Exercise brief: Print all the data below exactly, without images.
-- Data listing follows --
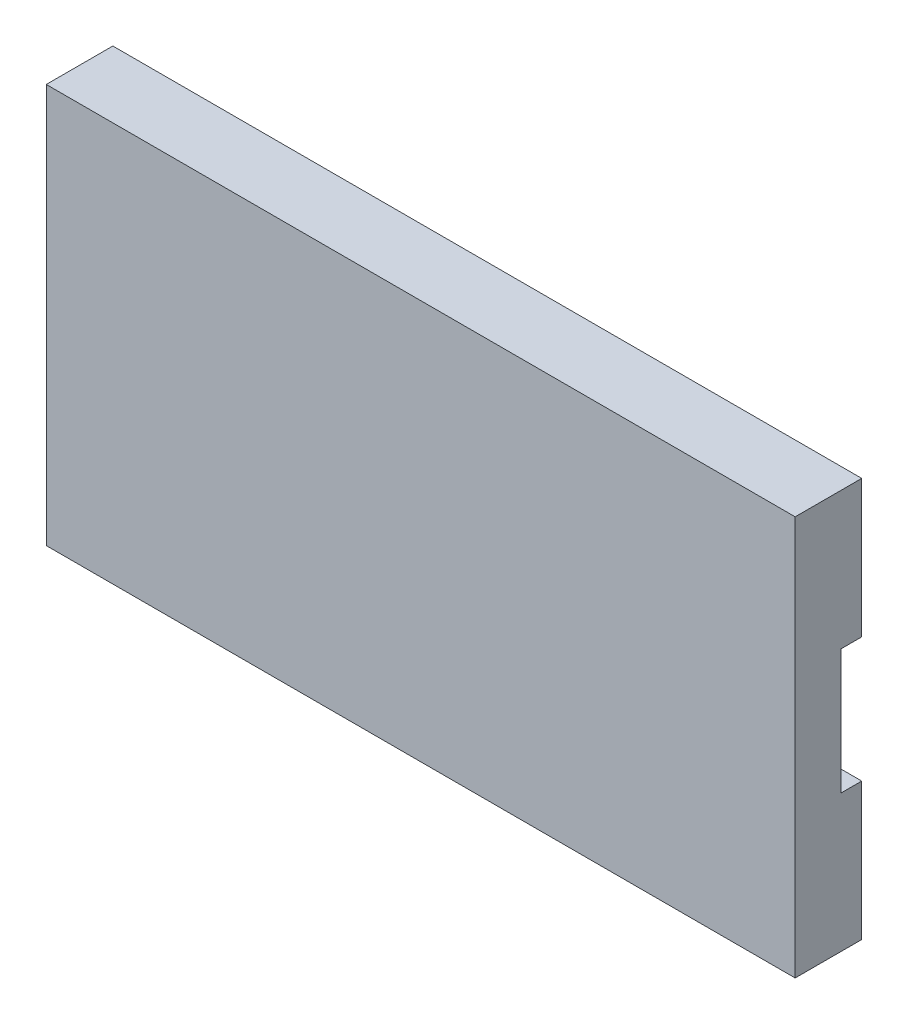
from build123d import *

# Parameters (mm, degrees)
SKETCH_1_W               = 90
SKETCH_1_H               = 48
EXTRUDE_1_DEPTH          = 8
SKETCH_4_R               = 15
CUT_EXTRUDE_3_DEPTH      = 3
SKETCH_5_R               = 1.8
CUT_EXTRUDE_4_DEPTH      = 3
MIRROR_2_COPY_1_SKETCH_R = 1.8
MIRROR_2_COPY_1_DEPTH    = 3
SKETCH_6_W               = 16
SKETCH_6_H               = 15
CUT_EXTRUDE_5_DEPTH      = 2.5


with BuildPart() as part:
    # 草图1 → 凸台-拉伸1 (new body)
    with BuildSketch(Plane.XY):
        Rectangle(SKETCH_1_W, SKETCH_1_H)
    extrude(amount=EXTRUDE_1_DEPTH)

    # 草图4 → 切除-拉伸3 (cut)
    with BuildSketch(Plane(origin=(0, 0, 0), x_dir=(-1, 0, 0), z_dir=(0, 0, -1))):
        Circle(SKETCH_4_R)
    extrude(amount=-CUT_EXTRUDE_3_DEPTH, mode=Mode.SUBTRACT)

    # 草图5 → 切除-拉伸4 (cut)
    with BuildSketch(Plane(origin=(0, 0, 0), x_dir=(-1, 0, 0), z_dir=(0, 0, -1))):
        with Locations((-41, 21)):
            Circle(SKETCH_5_R)
    cut_extrude_4 = extrude(amount=-CUT_EXTRUDE_4_DEPTH, mode=Mode.SUBTRACT)

    # 镜向1: 切除-拉伸4 across plane
    add(cut_extrude_4.mirror(Plane.ZX), mode=Mode.SUBTRACT)

    # 镜向2: 切除-拉伸4 across plane
    add(cut_extrude_4.mirror(Plane(origin=(0, 0, 0), x_dir=(0, 0, 1), z_dir=(1, 0, 0))), mode=Mode.SUBTRACT)

    # 镜向2 copy 1 sketch → 镜向2 copy 1 (cut)
    with BuildSketch(Plane(origin=(0, 0, 0), x_dir=(1, 0, 0), z_dir=(0, 0, -1))):
        with Locations((-41, 21)):
            Circle(MIRROR_2_COPY_1_SKETCH_R)
    extrude(amount=-MIRROR_2_COPY_1_DEPTH, mode=Mode.SUBTRACT)

    # 草图6 → 切除-拉伸5 (cut)
    with BuildSketch(Plane(origin=(0, 0, 0), x_dir=(-1, 0, 0), z_dir=(0, 0, -1))):
        with Locations((45, 0)):
            Rectangle(SKETCH_6_W, SKETCH_6_H)
    cut_extrude_5 = extrude(amount=-CUT_EXTRUDE_5_DEPTH, mode=Mode.SUBTRACT)

    # 镜向3: 切除-拉伸5 across plane
    add(cut_extrude_5.mirror(Plane(origin=(0, 0, 0), x_dir=(0, 0, 1), z_dir=(1, 0, 0))), mode=Mode.SUBTRACT)


solid = part.part
-- Data listing concluded --
Solution for this problem:
from build123d import *

# Parameters (mm, degrees)
SKETCH_1_W               = 90
SKETCH_1_H               = 48
EXTRUDE_1_DEPTH          = 8
SKETCH_4_R               = 15
CUT_EXTRUDE_3_DEPTH      = 3
SKETCH_5_R               = 1.8
CUT_EXTRUDE_4_DEPTH      = 3
MIRROR_2_COPY_1_SKETCH_R = 1.8
MIRROR_2_COPY_1_DEPTH    = 3
SKETCH_6_W               = 16
SKETCH_6_H               = 15
CUT_EXTRUDE_5_DEPTH      = 2.5


with BuildPart() as part:
    # 草图1 → 凸台-拉伸1 (new body)
    with BuildSketch(Plane.XY):
        Rectangle(SKETCH_1_W, SKETCH_1_H)
    extrude(amount=EXTRUDE_1_DEPTH)

    # 草图4 → 切除-拉伸3 (cut)
    with BuildSketch(Plane(origin=(0, 0, 0), x_dir=(-1, 0, 0), z_dir=(0, 0, -1))):
        Circle(SKETCH_4_R)
    extrude(amount=-CUT_EXTRUDE_3_DEPTH, mode=Mode.SUBTRACT)

    # 草图5 → 切除-拉伸4 (cut)
    with BuildSketch(Plane(origin=(0, 0, 0), x_dir=(-1, 0, 0), z_dir=(0, 0, -1))):
        with Locations((-41, 21)):
            Circle(SKETCH_5_R)
    cut_extrude_4 = extrude(amount=-CUT_EXTRUDE_4_DEPTH, mode=Mode.SUBTRACT)

    # 镜向1: 切除-拉伸4 across plane
    add(cut_extrude_4.mirror(Plane.ZX), mode=Mode.SUBTRACT)

    # 镜向2: 切除-拉伸4 across plane
    add(cut_extrude_4.mirror(Plane(origin=(0, 0, 0), x_dir=(0, 0, 1), z_dir=(1, 0, 0))), mode=Mode.SUBTRACT)

    # 镜向2 copy 1 sketch → 镜向2 copy 1 (cut)
    with BuildSketch(Plane(origin=(0, 0, 0), x_dir=(1, 0, 0), z_dir=(0, 0, -1))):
        with Locations((-41, 21)):
            Circle(MIRROR_2_COPY_1_SKETCH_R)
    extrude(amount=-MIRROR_2_COPY_1_DEPTH, mode=Mode.SUBTRACT)

    # 草图6 → 切除-拉伸5 (cut)
    with BuildSketch(Plane(origin=(0, 0, 0), x_dir=(-1, 0, 0), z_dir=(0, 0, -1))):
        with Locations((45, 0)):
            Rectangle(SKETCH_6_W, SKETCH_6_H)
    cut_extrude_5 = extrude(amount=-CUT_EXTRUDE_5_DEPTH, mode=Mode.SUBTRACT)

    # 镜向3: 切除-拉伸5 across plane
    add(cut_extrude_5.mirror(Plane(origin=(0, 0, 0), x_dir=(0, 0, 1), z_dir=(1, 0, 0))), mode=Mode.SUBTRACT)


solid = part.part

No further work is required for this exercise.